» Description of the task
Using the word "Terminator" as the filter, copy each matching line from the records.

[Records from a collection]
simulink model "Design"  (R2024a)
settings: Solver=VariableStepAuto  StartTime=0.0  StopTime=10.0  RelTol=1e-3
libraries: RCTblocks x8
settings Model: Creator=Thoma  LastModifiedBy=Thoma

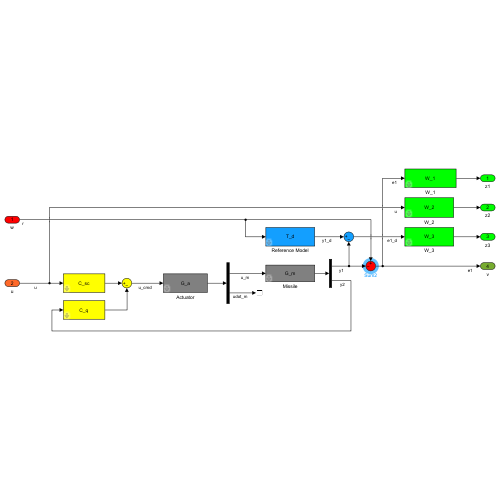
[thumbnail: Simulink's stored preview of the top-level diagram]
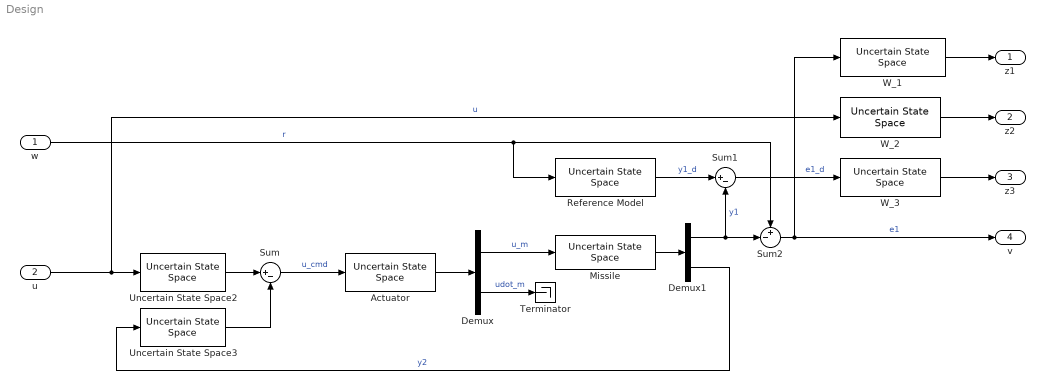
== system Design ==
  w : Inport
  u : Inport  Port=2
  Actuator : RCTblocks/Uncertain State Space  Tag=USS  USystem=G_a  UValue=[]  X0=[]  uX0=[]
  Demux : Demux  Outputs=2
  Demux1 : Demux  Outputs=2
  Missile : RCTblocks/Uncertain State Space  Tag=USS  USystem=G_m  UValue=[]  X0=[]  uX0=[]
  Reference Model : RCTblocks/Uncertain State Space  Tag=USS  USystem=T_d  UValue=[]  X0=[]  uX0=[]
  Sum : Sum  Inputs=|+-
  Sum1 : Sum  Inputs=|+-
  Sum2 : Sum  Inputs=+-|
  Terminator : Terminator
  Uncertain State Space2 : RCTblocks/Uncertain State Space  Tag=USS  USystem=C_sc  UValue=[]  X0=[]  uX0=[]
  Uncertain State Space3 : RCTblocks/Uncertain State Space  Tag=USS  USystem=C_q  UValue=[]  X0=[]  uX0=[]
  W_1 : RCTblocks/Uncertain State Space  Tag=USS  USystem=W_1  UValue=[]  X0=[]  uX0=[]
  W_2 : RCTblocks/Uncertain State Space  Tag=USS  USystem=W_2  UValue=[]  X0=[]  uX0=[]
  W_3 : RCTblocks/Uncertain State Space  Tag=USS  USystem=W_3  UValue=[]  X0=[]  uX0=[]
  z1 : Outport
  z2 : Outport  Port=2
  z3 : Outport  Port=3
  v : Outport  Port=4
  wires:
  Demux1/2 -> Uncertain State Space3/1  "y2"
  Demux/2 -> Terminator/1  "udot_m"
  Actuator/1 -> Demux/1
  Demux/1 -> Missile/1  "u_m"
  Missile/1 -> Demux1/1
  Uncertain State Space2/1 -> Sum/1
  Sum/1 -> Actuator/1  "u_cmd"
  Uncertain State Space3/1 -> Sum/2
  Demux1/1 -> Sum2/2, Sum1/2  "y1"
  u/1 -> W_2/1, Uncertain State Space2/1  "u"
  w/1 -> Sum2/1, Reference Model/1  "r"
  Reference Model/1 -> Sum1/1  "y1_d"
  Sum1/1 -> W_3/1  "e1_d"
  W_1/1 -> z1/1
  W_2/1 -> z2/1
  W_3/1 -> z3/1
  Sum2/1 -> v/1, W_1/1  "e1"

» Written response
  Terminator : Terminator
  Demux/2 -> Terminator/1  "udot_m"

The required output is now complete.